*What the exercise asks*
Omitting every picture, output the records below exactly, please.

*Record set*
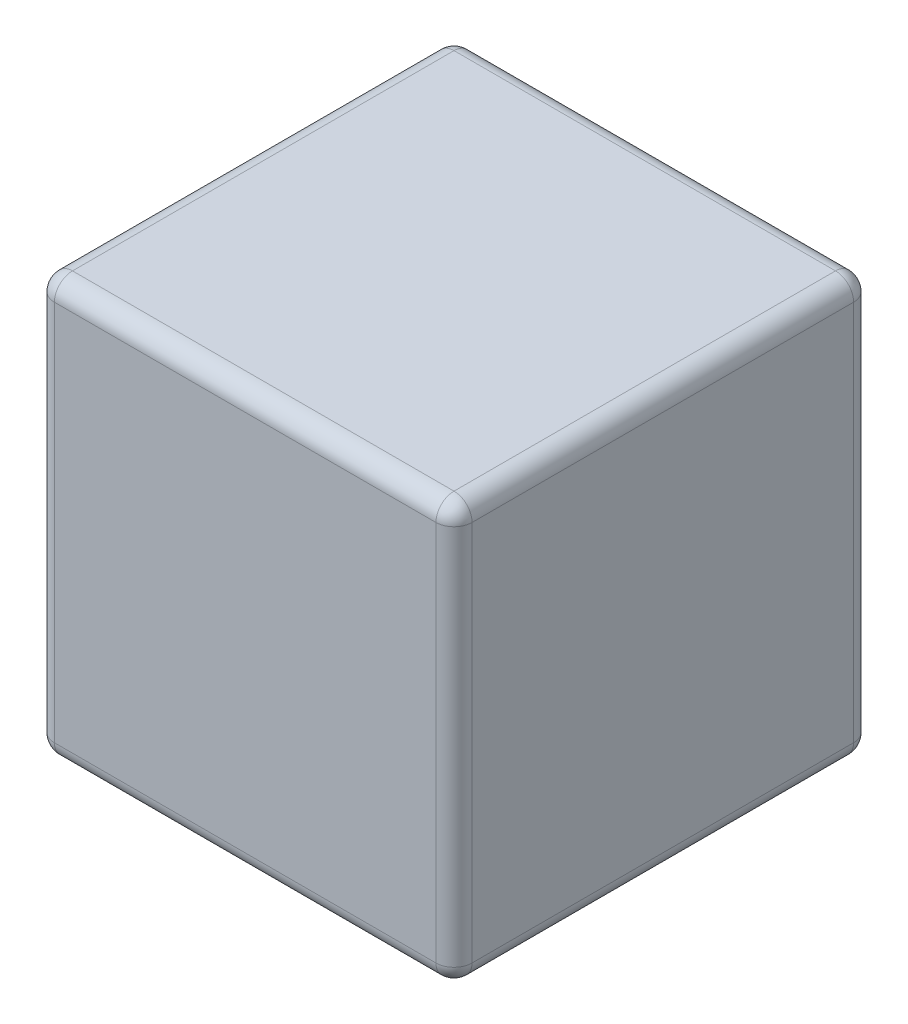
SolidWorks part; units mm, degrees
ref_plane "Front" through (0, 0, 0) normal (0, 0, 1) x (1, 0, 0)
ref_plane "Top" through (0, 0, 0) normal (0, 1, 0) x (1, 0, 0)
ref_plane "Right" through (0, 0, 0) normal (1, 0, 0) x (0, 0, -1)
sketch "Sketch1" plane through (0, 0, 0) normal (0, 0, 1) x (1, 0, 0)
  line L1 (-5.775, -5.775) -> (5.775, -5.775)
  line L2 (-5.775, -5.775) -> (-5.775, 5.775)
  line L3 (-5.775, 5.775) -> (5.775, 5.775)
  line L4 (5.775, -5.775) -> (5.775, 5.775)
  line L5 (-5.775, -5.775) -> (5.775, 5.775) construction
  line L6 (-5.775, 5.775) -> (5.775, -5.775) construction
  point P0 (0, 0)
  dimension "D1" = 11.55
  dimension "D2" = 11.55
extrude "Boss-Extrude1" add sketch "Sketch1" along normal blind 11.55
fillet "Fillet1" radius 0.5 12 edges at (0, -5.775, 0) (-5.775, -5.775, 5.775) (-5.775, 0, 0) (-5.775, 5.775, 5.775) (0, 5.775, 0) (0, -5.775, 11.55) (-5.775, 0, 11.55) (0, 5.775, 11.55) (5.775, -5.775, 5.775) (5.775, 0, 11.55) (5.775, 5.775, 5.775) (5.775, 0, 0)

*Solved problem*
SolidWorks part; units mm, degrees
ref_plane "Front" through (0, 0, 0) normal (0, 0, 1) x (1, 0, 0)
ref_plane "Top" through (0, 0, 0) normal (0, 1, 0) x (1, 0, 0)
ref_plane "Right" through (0, 0, 0) normal (1, 0, 0) x (0, 0, -1)
sketch "Sketch1" plane through (0, 0, 0) normal (0, 0, 1) x (1, 0, 0)
  line L1 (-5.775, -5.775) -> (5.775, -5.775)
  line L2 (-5.775, -5.775) -> (-5.775, 5.775)
  line L3 (-5.775, 5.775) -> (5.775, 5.775)
  line L4 (5.775, -5.775) -> (5.775, 5.775)
  line L5 (-5.775, -5.775) -> (5.775, 5.775) construction
  line L6 (-5.775, 5.775) -> (5.775, -5.775) construction
  point P0 (0, 0)
  dimension "D1" = 11.55
  dimension "D2" = 11.55
extrude "Boss-Extrude1" add sketch "Sketch1" along normal blind 11.55
fillet "Fillet1" radius 0.5 12 edges at (0, -5.775, 0) (-5.775, -5.775, 5.775) (-5.775, 0, 0) (-5.775, 5.775, 5.775) (0, 5.775, 0) (0, -5.775, 11.55) (-5.775, 0, 11.55) (0, 5.775, 11.55) (5.775, -5.775, 5.775) (5.775, 0, 11.55) (5.775, 5.775, 5.775) (5.775, 0, 0)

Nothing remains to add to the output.